ENTRIES SUPPLIED =>
%%

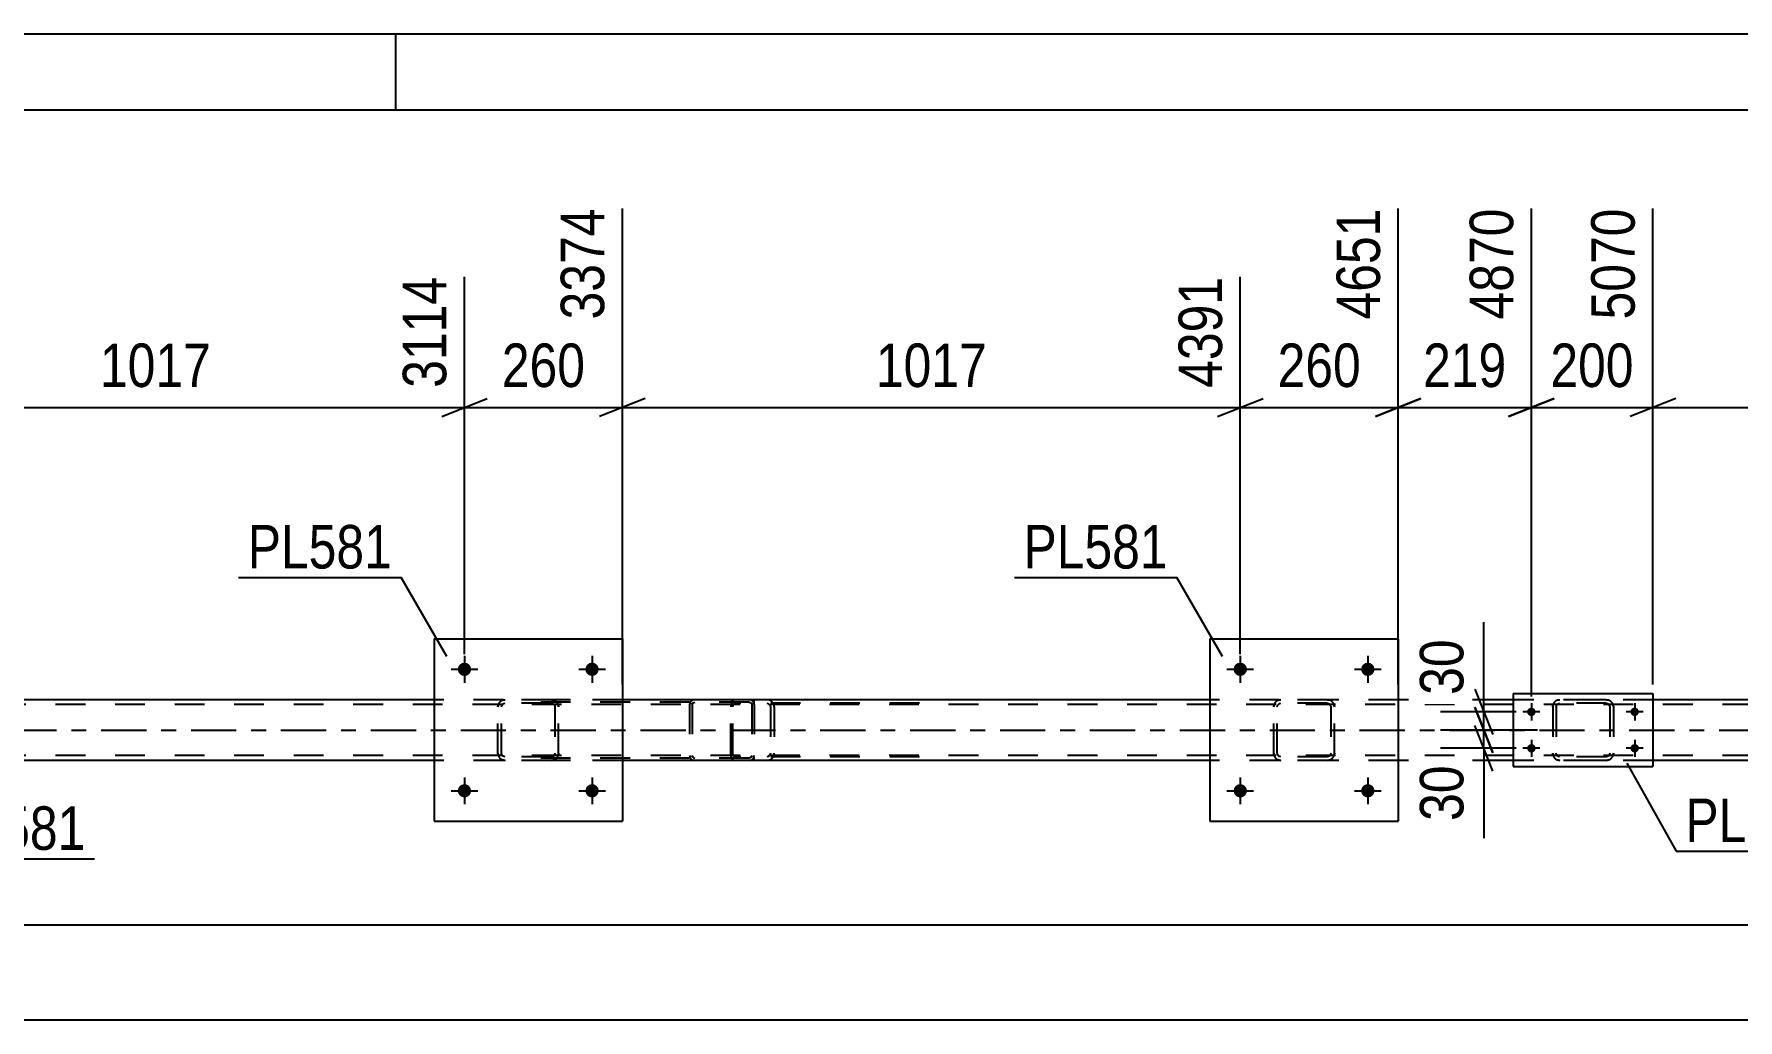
# Model space of a CAD drawing. Header units: millimetres. Extents: x 0 to 841, y 0 to 594.
# Drawn here: x 187.2 to 299.4, y 529.1 to 594 of the extents above; entities that cross this region are included whole.
import ezdxf

# ---------------------------------------------------------------- set-up
doc = ezdxf.new("R2010")
doc.units = ezdxf.units.MM
doc.linetypes.add('DXK_LINE_DOT2', pattern=[3.9198, 1.9599, -1.9599])
doc.linetypes.add('DXK_LINE_DOT3', pattern=[5.9187, 2.979, -0.9799, 0.9799, -0.9799])
doc.styles.add('Arial Narrow', font='ARIALN.TTF', dxfattribs={"height": 0.2})

# ---------------------------------------------------------------- blocks, each defined once
blk = doc.blocks.new('Unknown-318885039-1133')
at = {"color": 5, "linetype": 'Continuous'}
for p, q in [((841, 594), (0, 594)), ((211, 589), (211, 594)), ((836, 589), (5, 589))]:
    blk.add_line(p, q, dxfattribs=at)
blk = doc.blocks.new('Part-318885039-2942 - 2854')
at = {"color": 2, "linetype": 'Continuous'}
for p, q in [((264.6, 554.17), (264.6, 542.17)), ((264.6, 554.17), (277, 554.17)), ((277, 554.17), (277, 542.17)), ((264.6, 542.17), (277, 542.17))]:
    blk.add_line(p, q, dxfattribs=at)
blk = doc.blocks.new('Part-318885039-2937 - 2854')
at = {"color": 7, "linetype": 'DXK_LINE_DOT2'}
for p, q in [((268.8, 549.69), (268.84, 549.87)), ((268.84, 549.87), (268.8, 549.69)), ((269.04, 549.69), (269.06, 549.78)), ((269.06, 549.78), (269.11, 549.86)), ((269.1, 550.13), (269.28, 550.17)), ((269.28, 550.17), (269.1, 550.13)), ((269.11, 549.86), (269.19, 549.91)), ((269.19, 549.91), (269.28, 549.93)), ((272.32, 550.17), (269.28, 550.17)), ((272.32, 549.93), (269.28, 549.93)), ((272.32, 550.17), (272.51, 550.13)), ((272.51, 550.13), (272.32, 550.17)), ((272.32, 549.93), (272.41, 549.91)), ((272.41, 549.91), (272.49, 549.86)), ((272.49, 549.86), (272.54, 549.78)), ((272.54, 549.78), (272.56, 549.69)), ((272.77, 549.87), (272.8, 549.69)), ((272.8, 549.69), (272.77, 549.87)), ((268.8, 546.65), (268.8, 549.69)), ((269.04, 546.65), (269.04, 549.69)), ((272.56, 549.69), (272.56, 546.65)), ((272.8, 546.65), (272.8, 549.69)), ((268.84, 546.46), (268.8, 546.65)), ((268.8, 546.65), (268.84, 546.46)), ((269.06, 546.55), (269.04, 546.65)), ((269.11, 546.48), (269.06, 546.55)), ((269.19, 546.42), (269.11, 546.48)), ((269.28, 546.41), (269.19, 546.42)), ((272.32, 546.41), (269.28, 546.41)), ((272.41, 546.42), (272.32, 546.41)), ((272.49, 546.48), (272.41, 546.42)), ((272.54, 546.55), (272.49, 546.48)), ((272.56, 546.65), (272.54, 546.55)), ((272.8, 546.65), (272.77, 546.46)), ((272.77, 546.46), (272.8, 546.65)), ((269.28, 546.17), (269.1, 546.2)), ((269.1, 546.2), (269.28, 546.17)), ((272.32, 546.17), (269.28, 546.17)), ((272.51, 546.2), (272.32, 546.17)), ((272.32, 546.17), (272.51, 546.2))]:
    blk.add_line(p, q, dxfattribs=at)
at = {"color": 7, "linetype": 'DXK_LINE_DOT3'}
blk.add_line((270.8, 548.17), (270.8, 548.17), dxfattribs=at)
at = {"color": 7, "linetype": 'DXK_LINE_DOT2'}
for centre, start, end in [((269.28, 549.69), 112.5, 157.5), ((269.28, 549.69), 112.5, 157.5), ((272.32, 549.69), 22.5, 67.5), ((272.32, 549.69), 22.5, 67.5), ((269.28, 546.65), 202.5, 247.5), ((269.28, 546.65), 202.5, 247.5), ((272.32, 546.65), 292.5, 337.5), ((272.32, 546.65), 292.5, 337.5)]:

%%

WHAT NEEDS TO BE DONE => Give every entry again word for word; no images belong in the copy.

TASK OUTPUT =>
# Model space of a CAD drawing. Header units: millimetres. Extents: x 0 to 841, y 0 to 594.
# Drawn here: x 187.2 to 299.4, y 529.1 to 594 of the extents above; entities that cross this region are included whole.
import ezdxf

# ---------------------------------------------------------------- set-up
doc = ezdxf.new("R2010")
doc.units = ezdxf.units.MM
doc.linetypes.add('DXK_LINE_DOT2', pattern=[3.9198, 1.9599, -1.9599])
doc.linetypes.add('DXK_LINE_DOT3', pattern=[5.9187, 2.979, -0.9799, 0.9799, -0.9799])
doc.styles.add('Arial Narrow', font='ARIALN.TTF', dxfattribs={"height": 0.2})

# ---------------------------------------------------------------- blocks, each defined once
blk = doc.blocks.new('Unknown-318885039-1133')
at = {"color": 5, "linetype": 'Continuous'}
for p, q in [((841, 594), (0, 594)), ((211, 589), (211, 594)), ((836, 589), (5, 589))]:
    blk.add_line(p, q, dxfattribs=at)
blk = doc.blocks.new('Part-318885039-2942 - 2854')
at = {"color": 2, "linetype": 'Continuous'}
for p, q in [((264.6, 554.17), (264.6, 542.17)), ((264.6, 554.17), (277, 554.17)), ((277, 554.17), (277, 542.17)), ((264.6, 542.17), (277, 542.17))]:
    blk.add_line(p, q, dxfattribs=at)
blk = doc.blocks.new('Part-318885039-2937 - 2854')
at = {"color": 7, "linetype": 'DXK_LINE_DOT2'}
for p, q in [((268.8, 549.69), (268.84, 549.87)), ((268.84, 549.87), (268.8, 549.69)), ((269.04, 549.69), (269.06, 549.78)), ((269.06, 549.78), (269.11, 549.86)), ((269.1, 550.13), (269.28, 550.17)), ((269.28, 550.17), (269.1, 550.13)), ((269.11, 549.86), (269.19, 549.91)), ((269.19, 549.91), (269.28, 549.93)), ((272.32, 550.17), (269.28, 550.17)), ((272.32, 549.93), (269.28, 549.93)), ((272.32, 550.17), (272.51, 550.13)), ((272.51, 550.13), (272.32, 550.17)), ((272.32, 549.93), (272.41, 549.91)), ((272.41, 549.91), (272.49, 549.86)), ((272.49, 549.86), (272.54, 549.78)), ((272.54, 549.78), (272.56, 549.69)), ((272.77, 549.87), (272.8, 549.69)), ((272.8, 549.69), (272.77, 549.87)), ((268.8, 546.65), (268.8, 549.69)), ((269.04, 546.65), (269.04, 549.69)), ((272.56, 549.69), (272.56, 546.65)), ((272.8, 546.65), (272.8, 549.69)), ((268.84, 546.46), (268.8, 546.65)), ((268.8, 546.65), (268.84, 546.46)), ((269.06, 546.55), (269.04, 546.65)), ((269.11, 546.48), (269.06, 546.55)), ((269.19, 546.42), (269.11, 546.48)), ((269.28, 546.41), (269.19, 546.42)), ((272.32, 546.41), (269.28, 546.41)), ((272.41, 546.42), (272.32, 546.41)), ((272.49, 546.48), (272.41, 546.42)), ((272.54, 546.55), (272.49, 546.48)), ((272.56, 546.65), (272.54, 546.55)), ((272.8, 546.65), (272.77, 546.46)), ((272.77, 546.46), (272.8, 546.65)), ((269.28, 546.17), (269.1, 546.2)), ((269.1, 546.2), (269.28, 546.17)), ((272.32, 546.17), (269.28, 546.17)), ((272.51, 546.2), (272.32, 546.17)), ((272.32, 546.17), (272.51, 546.2))]:
    blk.add_line(p, q, dxfattribs=at)
at = {"color": 7, "linetype": 'DXK_LINE_DOT3'}
blk.add_line((270.8, 548.17), (270.8, 548.17), dxfattribs=at)
at = {"color": 7, "linetype": 'DXK_LINE_DOT2'}
for centre, start, end in [((269.28, 549.69), 112.5, 157.5), ((269.28, 549.69), 112.5, 157.5), ((272.32, 549.69), 22.5, 67.5), ((272.32, 549.69), 22.5, 67.5), ((269.28, 546.65), 202.5, 247.5), ((269.28, 546.65), 202.5, 247.5), ((272.32, 546.65), 292.5, 337.5), ((272.32, 546.65), 292.5, 337.5)]:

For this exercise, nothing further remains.